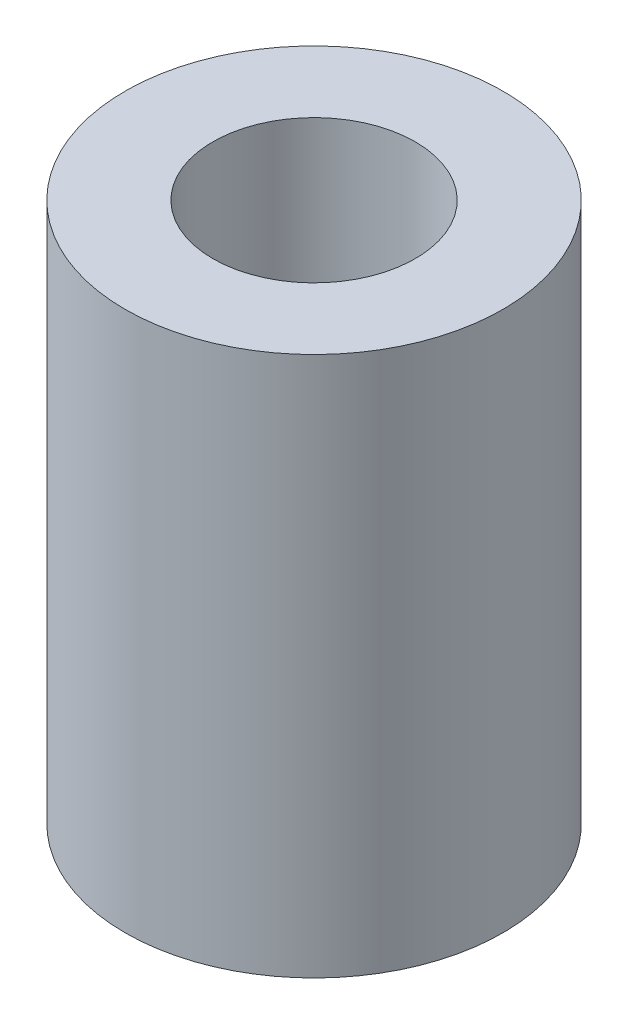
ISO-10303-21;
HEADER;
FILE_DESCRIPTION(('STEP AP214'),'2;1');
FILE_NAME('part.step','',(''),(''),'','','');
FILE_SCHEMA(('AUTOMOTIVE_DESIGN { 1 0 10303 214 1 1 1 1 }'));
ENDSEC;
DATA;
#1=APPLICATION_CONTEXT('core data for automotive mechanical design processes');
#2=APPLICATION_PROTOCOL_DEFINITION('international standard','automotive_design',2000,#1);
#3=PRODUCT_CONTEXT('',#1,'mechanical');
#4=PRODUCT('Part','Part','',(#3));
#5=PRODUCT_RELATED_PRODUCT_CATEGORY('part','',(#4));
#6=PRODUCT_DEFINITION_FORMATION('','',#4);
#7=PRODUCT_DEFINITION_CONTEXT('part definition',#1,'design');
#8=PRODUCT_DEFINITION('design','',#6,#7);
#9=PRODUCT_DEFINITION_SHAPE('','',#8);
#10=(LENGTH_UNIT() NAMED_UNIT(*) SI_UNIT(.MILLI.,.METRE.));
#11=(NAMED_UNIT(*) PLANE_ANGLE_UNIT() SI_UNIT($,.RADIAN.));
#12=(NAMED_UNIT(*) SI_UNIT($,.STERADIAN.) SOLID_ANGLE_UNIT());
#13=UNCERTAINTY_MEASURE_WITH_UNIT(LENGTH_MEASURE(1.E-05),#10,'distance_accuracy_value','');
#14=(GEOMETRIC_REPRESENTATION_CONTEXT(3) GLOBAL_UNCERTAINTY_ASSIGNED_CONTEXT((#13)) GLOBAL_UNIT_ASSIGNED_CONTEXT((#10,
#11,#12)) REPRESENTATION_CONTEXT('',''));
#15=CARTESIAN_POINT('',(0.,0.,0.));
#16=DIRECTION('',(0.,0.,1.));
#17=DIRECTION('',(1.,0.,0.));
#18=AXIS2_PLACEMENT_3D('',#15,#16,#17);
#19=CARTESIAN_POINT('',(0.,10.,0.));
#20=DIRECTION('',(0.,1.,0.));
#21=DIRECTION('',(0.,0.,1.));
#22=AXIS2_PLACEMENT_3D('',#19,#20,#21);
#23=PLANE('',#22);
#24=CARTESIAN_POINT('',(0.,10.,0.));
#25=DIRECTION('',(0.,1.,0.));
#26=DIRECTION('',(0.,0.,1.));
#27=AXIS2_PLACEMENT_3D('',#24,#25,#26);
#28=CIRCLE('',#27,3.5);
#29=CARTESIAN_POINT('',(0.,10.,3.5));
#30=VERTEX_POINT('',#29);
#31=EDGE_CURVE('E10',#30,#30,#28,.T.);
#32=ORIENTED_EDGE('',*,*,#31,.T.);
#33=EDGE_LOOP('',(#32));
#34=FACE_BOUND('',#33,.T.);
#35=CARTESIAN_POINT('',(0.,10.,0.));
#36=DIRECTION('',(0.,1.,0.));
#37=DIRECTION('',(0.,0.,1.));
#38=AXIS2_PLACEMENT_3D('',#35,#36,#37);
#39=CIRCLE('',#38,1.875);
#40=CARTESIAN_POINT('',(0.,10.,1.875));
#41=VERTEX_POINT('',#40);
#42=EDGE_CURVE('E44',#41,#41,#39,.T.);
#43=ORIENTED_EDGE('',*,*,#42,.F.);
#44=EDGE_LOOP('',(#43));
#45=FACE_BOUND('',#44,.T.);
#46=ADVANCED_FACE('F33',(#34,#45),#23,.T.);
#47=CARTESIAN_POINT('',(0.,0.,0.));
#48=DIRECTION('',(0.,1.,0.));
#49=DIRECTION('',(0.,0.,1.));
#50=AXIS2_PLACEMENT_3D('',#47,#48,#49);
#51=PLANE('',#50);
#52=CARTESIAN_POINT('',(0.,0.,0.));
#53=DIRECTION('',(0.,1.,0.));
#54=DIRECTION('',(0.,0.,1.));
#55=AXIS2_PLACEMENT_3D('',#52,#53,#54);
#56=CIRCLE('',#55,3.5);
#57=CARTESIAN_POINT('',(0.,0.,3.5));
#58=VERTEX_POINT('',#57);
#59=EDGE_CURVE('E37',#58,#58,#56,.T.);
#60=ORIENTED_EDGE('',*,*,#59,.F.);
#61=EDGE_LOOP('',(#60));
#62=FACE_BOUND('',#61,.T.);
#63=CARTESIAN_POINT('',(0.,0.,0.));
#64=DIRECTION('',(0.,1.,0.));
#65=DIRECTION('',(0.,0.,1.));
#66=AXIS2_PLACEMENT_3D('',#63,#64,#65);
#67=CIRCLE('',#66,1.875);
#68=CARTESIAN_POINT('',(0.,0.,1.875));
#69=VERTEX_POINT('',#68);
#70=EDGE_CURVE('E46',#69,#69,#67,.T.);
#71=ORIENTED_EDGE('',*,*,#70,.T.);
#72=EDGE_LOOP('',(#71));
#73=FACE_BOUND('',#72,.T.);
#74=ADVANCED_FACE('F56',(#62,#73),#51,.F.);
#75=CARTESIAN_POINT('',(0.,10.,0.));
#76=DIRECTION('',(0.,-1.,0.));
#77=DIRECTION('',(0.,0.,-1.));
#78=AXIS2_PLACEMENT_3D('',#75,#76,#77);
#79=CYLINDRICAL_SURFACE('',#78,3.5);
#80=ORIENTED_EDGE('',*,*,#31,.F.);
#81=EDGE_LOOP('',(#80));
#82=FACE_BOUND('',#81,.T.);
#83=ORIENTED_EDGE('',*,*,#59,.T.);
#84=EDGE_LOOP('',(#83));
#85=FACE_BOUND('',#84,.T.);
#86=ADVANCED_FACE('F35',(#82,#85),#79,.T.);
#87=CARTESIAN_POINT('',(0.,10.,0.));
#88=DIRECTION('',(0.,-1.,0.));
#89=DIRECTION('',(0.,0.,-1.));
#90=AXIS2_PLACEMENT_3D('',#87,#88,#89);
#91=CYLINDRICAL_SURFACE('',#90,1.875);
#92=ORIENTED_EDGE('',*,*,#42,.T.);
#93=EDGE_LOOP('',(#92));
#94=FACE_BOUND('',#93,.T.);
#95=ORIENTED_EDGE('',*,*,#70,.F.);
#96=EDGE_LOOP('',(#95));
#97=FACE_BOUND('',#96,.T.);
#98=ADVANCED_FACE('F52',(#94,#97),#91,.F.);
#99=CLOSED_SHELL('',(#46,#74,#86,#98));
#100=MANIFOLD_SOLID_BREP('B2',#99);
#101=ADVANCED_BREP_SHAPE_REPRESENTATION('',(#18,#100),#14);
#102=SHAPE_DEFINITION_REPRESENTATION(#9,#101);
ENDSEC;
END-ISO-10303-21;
----------------
WHAT YOU HAVE TO DO:
Every line holding the word "CIRCLE" should be copied out of the records above.

EXERCISE SOLUTION:
#28=CIRCLE('',#27,3.5);
#39=CIRCLE('',#38,1.875);
#56=CIRCLE('',#55,3.5);
#67=CIRCLE('',#66,1.875);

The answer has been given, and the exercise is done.